## What the exercise asks
The required result is a copy of each line below in which "color" appears.

## Source material
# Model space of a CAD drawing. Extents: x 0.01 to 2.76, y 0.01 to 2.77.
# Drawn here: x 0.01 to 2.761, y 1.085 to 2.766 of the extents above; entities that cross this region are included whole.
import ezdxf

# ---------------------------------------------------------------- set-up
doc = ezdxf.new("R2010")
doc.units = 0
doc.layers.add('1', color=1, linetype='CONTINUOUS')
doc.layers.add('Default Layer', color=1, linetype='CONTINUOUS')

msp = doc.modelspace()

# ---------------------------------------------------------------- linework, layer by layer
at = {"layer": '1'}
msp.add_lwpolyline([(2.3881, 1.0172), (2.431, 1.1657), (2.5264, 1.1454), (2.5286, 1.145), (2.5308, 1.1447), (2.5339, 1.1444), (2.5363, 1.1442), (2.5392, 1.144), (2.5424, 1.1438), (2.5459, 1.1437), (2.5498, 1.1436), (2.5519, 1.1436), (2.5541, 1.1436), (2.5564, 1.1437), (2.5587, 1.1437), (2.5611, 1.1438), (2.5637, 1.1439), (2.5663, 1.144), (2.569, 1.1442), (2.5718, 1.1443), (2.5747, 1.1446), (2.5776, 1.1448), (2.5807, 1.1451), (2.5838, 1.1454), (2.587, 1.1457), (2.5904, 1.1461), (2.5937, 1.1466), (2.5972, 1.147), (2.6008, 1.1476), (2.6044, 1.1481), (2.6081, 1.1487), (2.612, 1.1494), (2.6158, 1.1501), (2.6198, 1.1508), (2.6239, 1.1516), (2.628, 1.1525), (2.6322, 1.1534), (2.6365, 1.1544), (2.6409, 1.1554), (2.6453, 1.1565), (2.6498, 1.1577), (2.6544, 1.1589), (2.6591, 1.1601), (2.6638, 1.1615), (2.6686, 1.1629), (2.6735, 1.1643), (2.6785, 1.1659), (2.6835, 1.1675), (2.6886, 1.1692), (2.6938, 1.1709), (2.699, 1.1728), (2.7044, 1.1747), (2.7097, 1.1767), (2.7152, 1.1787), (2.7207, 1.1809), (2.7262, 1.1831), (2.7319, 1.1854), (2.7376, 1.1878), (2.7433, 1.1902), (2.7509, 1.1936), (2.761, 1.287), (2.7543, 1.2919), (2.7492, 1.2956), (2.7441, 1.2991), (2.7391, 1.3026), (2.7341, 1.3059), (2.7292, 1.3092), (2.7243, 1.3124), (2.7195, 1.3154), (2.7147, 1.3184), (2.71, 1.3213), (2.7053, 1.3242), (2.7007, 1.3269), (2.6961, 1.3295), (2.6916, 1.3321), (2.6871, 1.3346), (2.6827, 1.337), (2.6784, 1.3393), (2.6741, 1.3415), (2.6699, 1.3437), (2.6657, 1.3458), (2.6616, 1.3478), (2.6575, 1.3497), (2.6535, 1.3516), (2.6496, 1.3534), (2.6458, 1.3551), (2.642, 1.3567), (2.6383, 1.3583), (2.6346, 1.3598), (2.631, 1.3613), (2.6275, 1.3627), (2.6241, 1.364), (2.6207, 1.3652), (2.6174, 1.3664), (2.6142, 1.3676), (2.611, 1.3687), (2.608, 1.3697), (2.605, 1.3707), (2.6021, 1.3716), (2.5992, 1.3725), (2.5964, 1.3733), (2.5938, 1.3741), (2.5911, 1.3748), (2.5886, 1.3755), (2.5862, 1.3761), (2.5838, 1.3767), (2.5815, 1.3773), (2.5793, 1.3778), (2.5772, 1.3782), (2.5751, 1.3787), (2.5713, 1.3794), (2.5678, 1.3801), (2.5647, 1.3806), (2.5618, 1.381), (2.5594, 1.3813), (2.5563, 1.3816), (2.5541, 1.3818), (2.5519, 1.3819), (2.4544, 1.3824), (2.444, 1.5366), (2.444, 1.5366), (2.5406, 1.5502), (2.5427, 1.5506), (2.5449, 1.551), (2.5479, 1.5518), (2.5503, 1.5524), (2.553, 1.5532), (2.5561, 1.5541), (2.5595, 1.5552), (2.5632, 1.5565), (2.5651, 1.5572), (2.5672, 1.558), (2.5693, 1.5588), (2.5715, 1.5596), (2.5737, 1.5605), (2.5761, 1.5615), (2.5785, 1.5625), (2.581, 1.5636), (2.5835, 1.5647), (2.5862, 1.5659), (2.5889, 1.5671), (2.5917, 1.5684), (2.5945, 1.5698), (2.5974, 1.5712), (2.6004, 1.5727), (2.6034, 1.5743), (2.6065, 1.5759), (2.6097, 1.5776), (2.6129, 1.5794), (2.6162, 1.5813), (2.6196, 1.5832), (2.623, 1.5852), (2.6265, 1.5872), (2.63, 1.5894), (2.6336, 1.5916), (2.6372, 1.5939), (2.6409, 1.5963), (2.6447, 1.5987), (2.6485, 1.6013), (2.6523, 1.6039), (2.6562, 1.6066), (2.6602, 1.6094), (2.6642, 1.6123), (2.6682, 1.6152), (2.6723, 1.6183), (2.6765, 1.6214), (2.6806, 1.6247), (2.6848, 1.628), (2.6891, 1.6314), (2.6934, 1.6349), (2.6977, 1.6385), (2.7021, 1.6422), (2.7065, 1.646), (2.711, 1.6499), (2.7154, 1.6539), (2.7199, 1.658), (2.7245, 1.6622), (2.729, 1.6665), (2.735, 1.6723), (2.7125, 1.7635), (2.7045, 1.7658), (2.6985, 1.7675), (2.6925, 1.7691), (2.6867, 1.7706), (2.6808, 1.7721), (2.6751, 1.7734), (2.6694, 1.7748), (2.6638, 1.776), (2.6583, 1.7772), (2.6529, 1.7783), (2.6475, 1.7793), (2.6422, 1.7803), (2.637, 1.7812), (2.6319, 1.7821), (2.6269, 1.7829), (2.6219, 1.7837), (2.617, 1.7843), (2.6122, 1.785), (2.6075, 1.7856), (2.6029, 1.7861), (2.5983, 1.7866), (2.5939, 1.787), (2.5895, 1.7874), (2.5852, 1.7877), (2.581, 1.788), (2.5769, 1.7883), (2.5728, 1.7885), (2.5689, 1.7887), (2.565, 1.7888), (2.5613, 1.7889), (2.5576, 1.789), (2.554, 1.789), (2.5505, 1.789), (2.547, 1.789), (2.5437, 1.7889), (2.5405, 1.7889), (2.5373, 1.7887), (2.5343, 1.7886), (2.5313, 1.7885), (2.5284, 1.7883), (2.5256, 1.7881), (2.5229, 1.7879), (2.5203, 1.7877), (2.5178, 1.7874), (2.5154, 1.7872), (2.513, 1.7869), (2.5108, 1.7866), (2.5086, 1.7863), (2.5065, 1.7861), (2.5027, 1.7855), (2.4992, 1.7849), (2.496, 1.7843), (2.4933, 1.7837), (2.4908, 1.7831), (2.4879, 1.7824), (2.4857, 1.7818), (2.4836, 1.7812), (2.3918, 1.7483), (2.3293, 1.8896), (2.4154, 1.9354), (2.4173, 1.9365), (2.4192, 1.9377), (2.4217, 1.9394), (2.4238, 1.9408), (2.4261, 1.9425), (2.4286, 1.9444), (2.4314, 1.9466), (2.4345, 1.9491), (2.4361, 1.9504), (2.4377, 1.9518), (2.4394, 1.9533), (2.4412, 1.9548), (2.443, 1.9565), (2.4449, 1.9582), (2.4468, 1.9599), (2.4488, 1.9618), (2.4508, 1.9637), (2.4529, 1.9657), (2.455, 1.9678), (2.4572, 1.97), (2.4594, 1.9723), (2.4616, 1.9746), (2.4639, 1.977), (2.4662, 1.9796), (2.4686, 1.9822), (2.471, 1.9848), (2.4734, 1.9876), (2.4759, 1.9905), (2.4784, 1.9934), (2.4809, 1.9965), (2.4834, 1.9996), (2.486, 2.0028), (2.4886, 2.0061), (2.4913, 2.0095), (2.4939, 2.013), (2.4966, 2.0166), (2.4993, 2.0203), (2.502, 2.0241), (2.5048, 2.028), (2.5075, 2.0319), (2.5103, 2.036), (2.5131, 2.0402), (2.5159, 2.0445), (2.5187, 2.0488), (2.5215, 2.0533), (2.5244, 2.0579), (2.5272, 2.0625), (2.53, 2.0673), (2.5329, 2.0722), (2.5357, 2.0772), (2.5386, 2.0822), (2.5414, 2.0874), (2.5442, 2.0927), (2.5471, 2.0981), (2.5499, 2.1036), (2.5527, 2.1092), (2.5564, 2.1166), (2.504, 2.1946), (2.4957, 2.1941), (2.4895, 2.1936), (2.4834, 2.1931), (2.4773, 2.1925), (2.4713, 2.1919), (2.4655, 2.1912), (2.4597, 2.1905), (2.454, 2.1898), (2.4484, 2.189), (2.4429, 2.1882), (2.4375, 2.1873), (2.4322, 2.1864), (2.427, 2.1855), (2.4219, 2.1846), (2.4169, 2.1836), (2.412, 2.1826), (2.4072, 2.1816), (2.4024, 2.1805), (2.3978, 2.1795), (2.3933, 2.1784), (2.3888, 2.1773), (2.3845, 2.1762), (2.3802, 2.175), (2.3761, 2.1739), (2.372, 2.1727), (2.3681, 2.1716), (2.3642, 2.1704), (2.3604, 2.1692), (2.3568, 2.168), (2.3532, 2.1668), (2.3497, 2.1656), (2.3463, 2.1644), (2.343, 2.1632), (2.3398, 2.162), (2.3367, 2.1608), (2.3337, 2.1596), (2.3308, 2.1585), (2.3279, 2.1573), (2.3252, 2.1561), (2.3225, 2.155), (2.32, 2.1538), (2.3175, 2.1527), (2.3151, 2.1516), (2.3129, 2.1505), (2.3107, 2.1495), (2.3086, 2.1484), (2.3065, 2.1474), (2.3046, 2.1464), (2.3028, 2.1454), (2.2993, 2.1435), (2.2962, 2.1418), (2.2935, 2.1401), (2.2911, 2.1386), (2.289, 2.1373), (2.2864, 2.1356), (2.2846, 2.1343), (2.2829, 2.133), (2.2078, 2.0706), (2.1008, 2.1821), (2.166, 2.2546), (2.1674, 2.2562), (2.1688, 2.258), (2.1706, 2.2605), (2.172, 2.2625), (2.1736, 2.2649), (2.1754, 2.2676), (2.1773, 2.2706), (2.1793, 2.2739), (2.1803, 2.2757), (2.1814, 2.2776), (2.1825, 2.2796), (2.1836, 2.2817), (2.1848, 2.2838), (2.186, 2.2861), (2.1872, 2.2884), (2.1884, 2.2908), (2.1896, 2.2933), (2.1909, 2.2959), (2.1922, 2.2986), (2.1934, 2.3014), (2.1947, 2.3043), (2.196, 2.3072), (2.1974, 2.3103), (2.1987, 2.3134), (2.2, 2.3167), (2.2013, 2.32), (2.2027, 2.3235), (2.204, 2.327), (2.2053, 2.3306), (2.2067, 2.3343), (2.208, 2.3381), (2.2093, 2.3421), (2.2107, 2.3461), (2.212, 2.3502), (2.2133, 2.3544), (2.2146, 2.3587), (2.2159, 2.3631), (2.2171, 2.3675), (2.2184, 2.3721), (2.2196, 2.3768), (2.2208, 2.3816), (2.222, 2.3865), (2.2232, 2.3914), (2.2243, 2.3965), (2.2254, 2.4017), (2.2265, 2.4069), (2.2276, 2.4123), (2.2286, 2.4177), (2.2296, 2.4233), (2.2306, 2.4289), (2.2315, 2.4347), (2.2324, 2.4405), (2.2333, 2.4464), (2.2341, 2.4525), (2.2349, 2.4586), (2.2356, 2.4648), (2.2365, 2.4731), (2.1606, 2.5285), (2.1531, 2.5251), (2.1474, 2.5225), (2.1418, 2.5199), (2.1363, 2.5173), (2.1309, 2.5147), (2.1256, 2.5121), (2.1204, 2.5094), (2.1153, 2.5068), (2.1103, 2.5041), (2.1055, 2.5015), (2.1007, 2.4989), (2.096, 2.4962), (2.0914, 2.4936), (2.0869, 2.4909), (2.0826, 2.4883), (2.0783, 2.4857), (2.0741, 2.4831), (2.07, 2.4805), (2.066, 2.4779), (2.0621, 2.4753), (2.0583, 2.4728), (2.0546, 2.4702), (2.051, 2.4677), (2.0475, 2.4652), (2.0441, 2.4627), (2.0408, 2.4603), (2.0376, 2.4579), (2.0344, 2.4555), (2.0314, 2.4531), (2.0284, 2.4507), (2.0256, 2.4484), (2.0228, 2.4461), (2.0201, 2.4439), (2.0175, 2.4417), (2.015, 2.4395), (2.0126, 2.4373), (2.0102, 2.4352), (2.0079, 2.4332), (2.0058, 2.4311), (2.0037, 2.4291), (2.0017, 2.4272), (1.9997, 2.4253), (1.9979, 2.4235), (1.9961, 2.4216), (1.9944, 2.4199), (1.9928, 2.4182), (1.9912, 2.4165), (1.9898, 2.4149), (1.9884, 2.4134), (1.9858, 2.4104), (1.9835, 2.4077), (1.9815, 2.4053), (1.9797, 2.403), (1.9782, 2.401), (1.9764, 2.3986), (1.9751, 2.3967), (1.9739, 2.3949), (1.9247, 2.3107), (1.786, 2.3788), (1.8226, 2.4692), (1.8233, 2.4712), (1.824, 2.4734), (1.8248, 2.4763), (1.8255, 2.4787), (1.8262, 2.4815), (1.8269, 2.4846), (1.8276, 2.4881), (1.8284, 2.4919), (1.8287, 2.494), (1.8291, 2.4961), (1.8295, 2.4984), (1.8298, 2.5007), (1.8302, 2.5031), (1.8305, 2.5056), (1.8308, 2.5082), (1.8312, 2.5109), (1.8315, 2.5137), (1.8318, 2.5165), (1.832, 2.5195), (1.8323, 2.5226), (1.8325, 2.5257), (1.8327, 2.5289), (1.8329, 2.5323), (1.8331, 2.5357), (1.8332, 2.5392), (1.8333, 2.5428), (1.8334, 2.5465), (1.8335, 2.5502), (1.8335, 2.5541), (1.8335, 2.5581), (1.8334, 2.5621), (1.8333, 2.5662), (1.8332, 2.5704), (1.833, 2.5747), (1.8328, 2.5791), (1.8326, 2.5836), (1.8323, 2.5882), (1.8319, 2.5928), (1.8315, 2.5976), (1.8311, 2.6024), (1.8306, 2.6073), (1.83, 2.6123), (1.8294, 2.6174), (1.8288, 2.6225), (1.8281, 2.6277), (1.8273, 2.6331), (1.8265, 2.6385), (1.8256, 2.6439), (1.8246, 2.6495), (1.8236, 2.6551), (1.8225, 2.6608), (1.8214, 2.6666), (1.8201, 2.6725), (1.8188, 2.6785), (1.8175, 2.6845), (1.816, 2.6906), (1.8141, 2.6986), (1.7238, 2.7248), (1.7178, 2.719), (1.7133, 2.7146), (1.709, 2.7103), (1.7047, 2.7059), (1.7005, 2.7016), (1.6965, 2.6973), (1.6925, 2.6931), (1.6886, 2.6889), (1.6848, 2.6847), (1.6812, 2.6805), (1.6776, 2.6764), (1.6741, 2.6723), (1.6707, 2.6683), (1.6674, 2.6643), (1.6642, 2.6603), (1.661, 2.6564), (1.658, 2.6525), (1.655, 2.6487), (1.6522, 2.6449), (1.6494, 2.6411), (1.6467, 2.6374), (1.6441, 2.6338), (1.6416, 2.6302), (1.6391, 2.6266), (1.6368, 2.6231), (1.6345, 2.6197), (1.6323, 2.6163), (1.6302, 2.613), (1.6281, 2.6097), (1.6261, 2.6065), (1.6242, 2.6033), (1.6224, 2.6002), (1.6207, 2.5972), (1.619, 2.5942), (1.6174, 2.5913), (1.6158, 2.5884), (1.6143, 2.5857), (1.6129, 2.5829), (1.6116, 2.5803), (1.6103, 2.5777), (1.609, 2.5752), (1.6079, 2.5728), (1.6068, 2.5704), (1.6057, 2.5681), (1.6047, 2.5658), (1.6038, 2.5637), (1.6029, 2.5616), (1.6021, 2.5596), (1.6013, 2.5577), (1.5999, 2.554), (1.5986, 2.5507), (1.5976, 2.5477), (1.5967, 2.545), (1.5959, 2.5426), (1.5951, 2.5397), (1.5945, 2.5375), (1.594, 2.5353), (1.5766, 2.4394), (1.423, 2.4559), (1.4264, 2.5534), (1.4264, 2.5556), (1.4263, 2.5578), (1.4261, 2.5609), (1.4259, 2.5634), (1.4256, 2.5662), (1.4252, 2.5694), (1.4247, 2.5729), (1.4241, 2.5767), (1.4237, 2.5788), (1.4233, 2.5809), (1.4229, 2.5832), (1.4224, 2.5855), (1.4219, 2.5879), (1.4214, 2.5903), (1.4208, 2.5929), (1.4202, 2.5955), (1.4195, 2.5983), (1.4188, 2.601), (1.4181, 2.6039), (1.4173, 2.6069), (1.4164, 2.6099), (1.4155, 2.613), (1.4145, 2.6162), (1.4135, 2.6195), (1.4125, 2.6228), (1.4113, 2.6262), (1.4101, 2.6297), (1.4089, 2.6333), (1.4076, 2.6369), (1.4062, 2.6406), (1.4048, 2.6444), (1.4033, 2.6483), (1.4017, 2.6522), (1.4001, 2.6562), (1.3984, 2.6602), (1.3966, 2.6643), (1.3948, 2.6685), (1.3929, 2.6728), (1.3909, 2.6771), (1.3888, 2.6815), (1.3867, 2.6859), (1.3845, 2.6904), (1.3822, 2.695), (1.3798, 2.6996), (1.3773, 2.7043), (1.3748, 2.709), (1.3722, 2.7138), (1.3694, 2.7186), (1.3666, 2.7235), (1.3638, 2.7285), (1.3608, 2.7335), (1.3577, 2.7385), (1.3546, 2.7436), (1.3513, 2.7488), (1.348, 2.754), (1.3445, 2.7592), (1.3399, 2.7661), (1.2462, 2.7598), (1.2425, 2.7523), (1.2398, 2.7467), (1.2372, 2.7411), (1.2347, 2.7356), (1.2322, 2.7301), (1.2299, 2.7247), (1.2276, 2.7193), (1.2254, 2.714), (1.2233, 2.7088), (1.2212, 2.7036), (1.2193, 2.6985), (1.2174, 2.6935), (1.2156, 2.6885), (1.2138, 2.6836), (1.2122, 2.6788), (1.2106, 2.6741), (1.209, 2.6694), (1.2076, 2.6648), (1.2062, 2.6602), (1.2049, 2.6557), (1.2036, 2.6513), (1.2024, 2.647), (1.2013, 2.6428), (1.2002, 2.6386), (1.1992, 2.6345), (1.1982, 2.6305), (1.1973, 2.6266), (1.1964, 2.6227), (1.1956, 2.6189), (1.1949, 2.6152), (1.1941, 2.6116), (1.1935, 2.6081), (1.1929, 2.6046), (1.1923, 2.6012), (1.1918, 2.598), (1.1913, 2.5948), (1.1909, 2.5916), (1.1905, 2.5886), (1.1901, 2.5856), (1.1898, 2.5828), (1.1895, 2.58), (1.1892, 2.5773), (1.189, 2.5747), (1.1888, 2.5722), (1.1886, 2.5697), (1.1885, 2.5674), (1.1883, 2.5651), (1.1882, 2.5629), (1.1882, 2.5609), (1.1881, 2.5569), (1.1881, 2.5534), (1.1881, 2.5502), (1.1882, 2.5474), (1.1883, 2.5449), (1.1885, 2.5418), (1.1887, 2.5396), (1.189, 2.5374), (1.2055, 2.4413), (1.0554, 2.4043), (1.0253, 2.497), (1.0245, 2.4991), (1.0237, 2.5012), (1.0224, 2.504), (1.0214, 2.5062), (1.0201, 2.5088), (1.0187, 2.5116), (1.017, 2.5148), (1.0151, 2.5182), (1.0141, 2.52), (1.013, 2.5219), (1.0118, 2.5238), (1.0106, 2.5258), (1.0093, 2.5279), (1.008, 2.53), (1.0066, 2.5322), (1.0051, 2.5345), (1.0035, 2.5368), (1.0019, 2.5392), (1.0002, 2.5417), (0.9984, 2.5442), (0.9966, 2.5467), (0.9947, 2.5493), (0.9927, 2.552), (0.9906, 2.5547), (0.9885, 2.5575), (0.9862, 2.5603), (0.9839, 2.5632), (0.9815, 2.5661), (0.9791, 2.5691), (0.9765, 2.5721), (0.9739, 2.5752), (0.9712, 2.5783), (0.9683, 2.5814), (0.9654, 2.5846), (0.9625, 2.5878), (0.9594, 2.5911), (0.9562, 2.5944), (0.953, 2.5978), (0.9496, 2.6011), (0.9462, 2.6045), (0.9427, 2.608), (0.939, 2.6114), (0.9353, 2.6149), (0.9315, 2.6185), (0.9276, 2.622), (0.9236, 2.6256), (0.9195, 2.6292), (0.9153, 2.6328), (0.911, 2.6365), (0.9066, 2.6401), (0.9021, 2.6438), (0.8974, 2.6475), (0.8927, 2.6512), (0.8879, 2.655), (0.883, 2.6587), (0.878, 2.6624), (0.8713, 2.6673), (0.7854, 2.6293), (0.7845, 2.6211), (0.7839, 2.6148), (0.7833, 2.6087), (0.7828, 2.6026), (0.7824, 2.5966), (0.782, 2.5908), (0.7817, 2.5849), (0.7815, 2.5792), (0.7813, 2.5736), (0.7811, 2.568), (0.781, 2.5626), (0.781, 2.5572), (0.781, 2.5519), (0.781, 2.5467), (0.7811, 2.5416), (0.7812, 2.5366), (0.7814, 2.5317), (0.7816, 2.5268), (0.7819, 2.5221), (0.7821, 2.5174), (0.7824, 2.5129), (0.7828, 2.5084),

## Task output
doc.layers.add('1', color=1, linetype='CONTINUOUS')
doc.layers.add('Default Layer', color=1, linetype='CONTINUOUS')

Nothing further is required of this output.